What you will do:
Once the pictures are set aside, reproduce the remaining data exactly.

Records drawn from a dataset
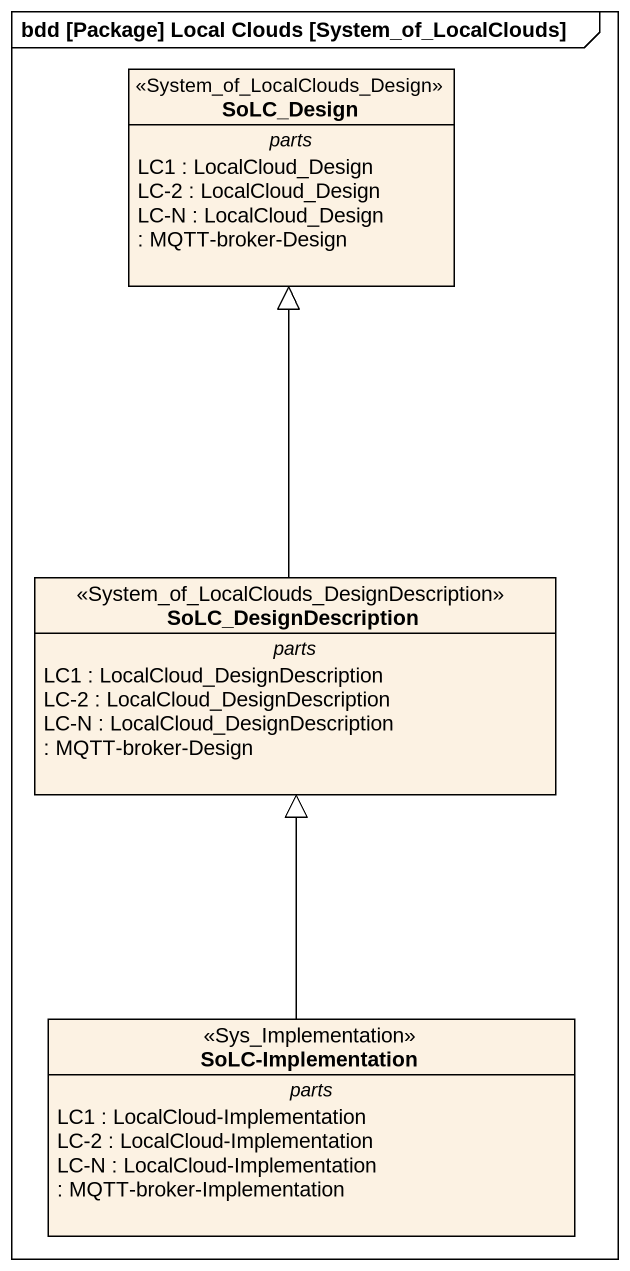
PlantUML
@startuml
mainframe bdd [Package] Local Clouds [System_of_LocalClouds]
hide circle
hide empty members
class SoLC_Design <<System_of_LocalClouds_Design>> {
  -- parts --
  LC1 : LocalCloud_Design
  LC-2 : LocalCloud_Design
  LC-N : LocalCloud_Design
  : MQTT-broker-Design
}
class SoLC_DesignDescription <<System_of_LocalClouds_DesignDescription>> {
  -- parts --
  LC1 : LocalCloud_DesignDescription
  LC-2 : LocalCloud_DesignDescription
  LC-N : LocalCloud_DesignDescription
  : MQTT-broker-Design
}
class "SoLC-Implementation" as SoLC_Implementation <<Sys_Implementation>> {
  -- parts --
  LC1 : LocalCloud-Implementation
  LC-2 : LocalCloud-Implementation
  LC-N : LocalCloud-Implementation
  : MQTT-broker-Implementation
}
SoLC_DesignDescription -up-|> SoLC_Design
SoLC_Implementation -up-|> SoLC_DesignDescription
@enduml

Task answer:
PlantUML
@startuml
mainframe bdd [Package] Local Clouds [System_of_LocalClouds]
hide circle
hide empty members
class SoLC_Design <<System_of_LocalClouds_Design>> {
  -- parts --
  LC1 : LocalCloud_Design
  LC-2 : LocalCloud_Design
  LC-N : LocalCloud_Design
  : MQTT-broker-Design
}
class SoLC_DesignDescription <<System_of_LocalClouds_DesignDescription>> {
  -- parts --
  LC1 : LocalCloud_DesignDescription
  LC-2 : LocalCloud_DesignDescription
  LC-N : LocalCloud_DesignDescription
  : MQTT-broker-Design
}
class "SoLC-Implementation" as SoLC_Implementation <<Sys_Implementation>> {
  -- parts --
  LC1 : LocalCloud-Implementation
  LC-2 : LocalCloud-Implementation
  LC-N : LocalCloud-Implementation
  : MQTT-broker-Implementation
}
SoLC_DesignDescription -up-|> SoLC_Design
SoLC_Implementation -up-|> SoLC_DesignDescription
@enduml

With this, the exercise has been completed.